(Beginning of MATERIALS PROVIDED)
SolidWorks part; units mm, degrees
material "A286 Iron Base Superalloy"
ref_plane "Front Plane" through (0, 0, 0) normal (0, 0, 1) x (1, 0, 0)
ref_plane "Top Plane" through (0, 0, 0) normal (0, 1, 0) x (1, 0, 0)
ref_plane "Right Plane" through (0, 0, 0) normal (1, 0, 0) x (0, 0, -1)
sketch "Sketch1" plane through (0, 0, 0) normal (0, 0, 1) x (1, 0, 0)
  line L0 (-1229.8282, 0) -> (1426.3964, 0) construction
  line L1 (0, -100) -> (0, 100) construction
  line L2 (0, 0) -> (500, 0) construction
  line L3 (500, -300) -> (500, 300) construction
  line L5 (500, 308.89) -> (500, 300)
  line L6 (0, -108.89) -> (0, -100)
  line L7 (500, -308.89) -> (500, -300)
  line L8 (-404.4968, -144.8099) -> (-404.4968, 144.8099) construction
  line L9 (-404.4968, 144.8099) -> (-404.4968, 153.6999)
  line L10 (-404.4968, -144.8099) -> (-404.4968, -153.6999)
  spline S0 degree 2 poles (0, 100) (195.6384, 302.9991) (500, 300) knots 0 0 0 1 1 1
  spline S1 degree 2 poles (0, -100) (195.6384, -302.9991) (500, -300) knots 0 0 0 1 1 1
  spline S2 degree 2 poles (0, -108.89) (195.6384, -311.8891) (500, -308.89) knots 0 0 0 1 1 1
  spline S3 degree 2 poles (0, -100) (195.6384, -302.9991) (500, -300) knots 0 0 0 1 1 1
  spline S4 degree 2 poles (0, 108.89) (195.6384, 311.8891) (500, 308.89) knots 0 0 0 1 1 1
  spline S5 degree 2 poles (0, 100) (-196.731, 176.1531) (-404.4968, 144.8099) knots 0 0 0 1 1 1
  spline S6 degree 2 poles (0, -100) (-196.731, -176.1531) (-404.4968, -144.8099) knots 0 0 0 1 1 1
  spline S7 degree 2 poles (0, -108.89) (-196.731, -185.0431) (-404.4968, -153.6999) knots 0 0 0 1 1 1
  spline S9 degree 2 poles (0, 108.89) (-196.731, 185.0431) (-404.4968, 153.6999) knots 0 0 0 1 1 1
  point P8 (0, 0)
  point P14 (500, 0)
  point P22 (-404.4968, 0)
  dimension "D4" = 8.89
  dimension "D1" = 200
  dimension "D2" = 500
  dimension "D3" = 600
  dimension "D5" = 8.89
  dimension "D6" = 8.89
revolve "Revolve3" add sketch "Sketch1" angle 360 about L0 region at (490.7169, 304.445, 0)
(End of MATERIALS PROVIDED)
All of the material above should be repeated exactly.

◆ **TASK SOLUTION**
SolidWorks part; units mm, degrees
material "A286 Iron Base Superalloy"
ref_plane "Front Plane" through (0, 0, 0) normal (0, 0, 1) x (1, 0, 0)
ref_plane "Top Plane" through (0, 0, 0) normal (0, 1, 0) x (1, 0, 0)
ref_plane "Right Plane" through (0, 0, 0) normal (1, 0, 0) x (0, 0, -1)
sketch "Sketch1" plane through (0, 0, 0) normal (0, 0, 1) x (1, 0, 0)
  line L0 (-1229.8282, 0) -> (1426.3964, 0) construction
  line L1 (0, -100) -> (0, 100) construction
  line L2 (0, 0) -> (500, 0) construction
  line L3 (500, -300) -> (500, 300) construction
  line L5 (500, 308.89) -> (500, 300)
  line L6 (0, -108.89) -> (0, -100)
  line L7 (500, -308.89) -> (500, -300)
  line L8 (-404.4968, -144.8099) -> (-404.4968, 144.8099) construction
  line L9 (-404.4968, 144.8099) -> (-404.4968, 153.6999)
  line L10 (-404.4968, -144.8099) -> (-404.4968, -153.6999)
  spline S0 degree 2 poles (0, 100) (195.6384, 302.9991) (500, 300) knots 0 0 0 1 1 1
  spline S1 degree 2 poles (0, -100) (195.6384, -302.9991) (500, -300) knots 0 0 0 1 1 1
  spline S2 degree 2 poles (0, -108.89) (195.6384, -311.8891) (500, -308.89) knots 0 0 0 1 1 1
  spline S3 degree 2 poles (0, -100) (195.6384, -302.9991) (500, -300) knots 0 0 0 1 1 1
  spline S4 degree 2 poles (0, 108.89) (195.6384, 311.8891) (500, 308.89) knots 0 0 0 1 1 1
  spline S5 degree 2 poles (0, 100) (-196.731, 176.1531) (-404.4968, 144.8099) knots 0 0 0 1 1 1
  spline S6 degree 2 poles (0, -100) (-196.731, -176.1531) (-404.4968, -144.8099) knots 0 0 0 1 1 1
  spline S7 degree 2 poles (0, -108.89) (-196.731, -185.0431) (-404.4968, -153.6999) knots 0 0 0 1 1 1
  spline S9 degree 2 poles (0, 108.89) (-196.731, 185.0431) (-404.4968, 153.6999) knots 0 0 0 1 1 1
  point P8 (0, 0)
  point P14 (500, 0)
  point P22 (-404.4968, 0)
  dimension "D4" = 8.89
  dimension "D1" = 200
  dimension "D2" = 500
  dimension "D3" = 600
  dimension "D5" = 8.89
  dimension "D6" = 8.89
revolve "Revolve3" add sketch "Sketch1" angle 360 about L0 region at (490.7169, 304.445, 0)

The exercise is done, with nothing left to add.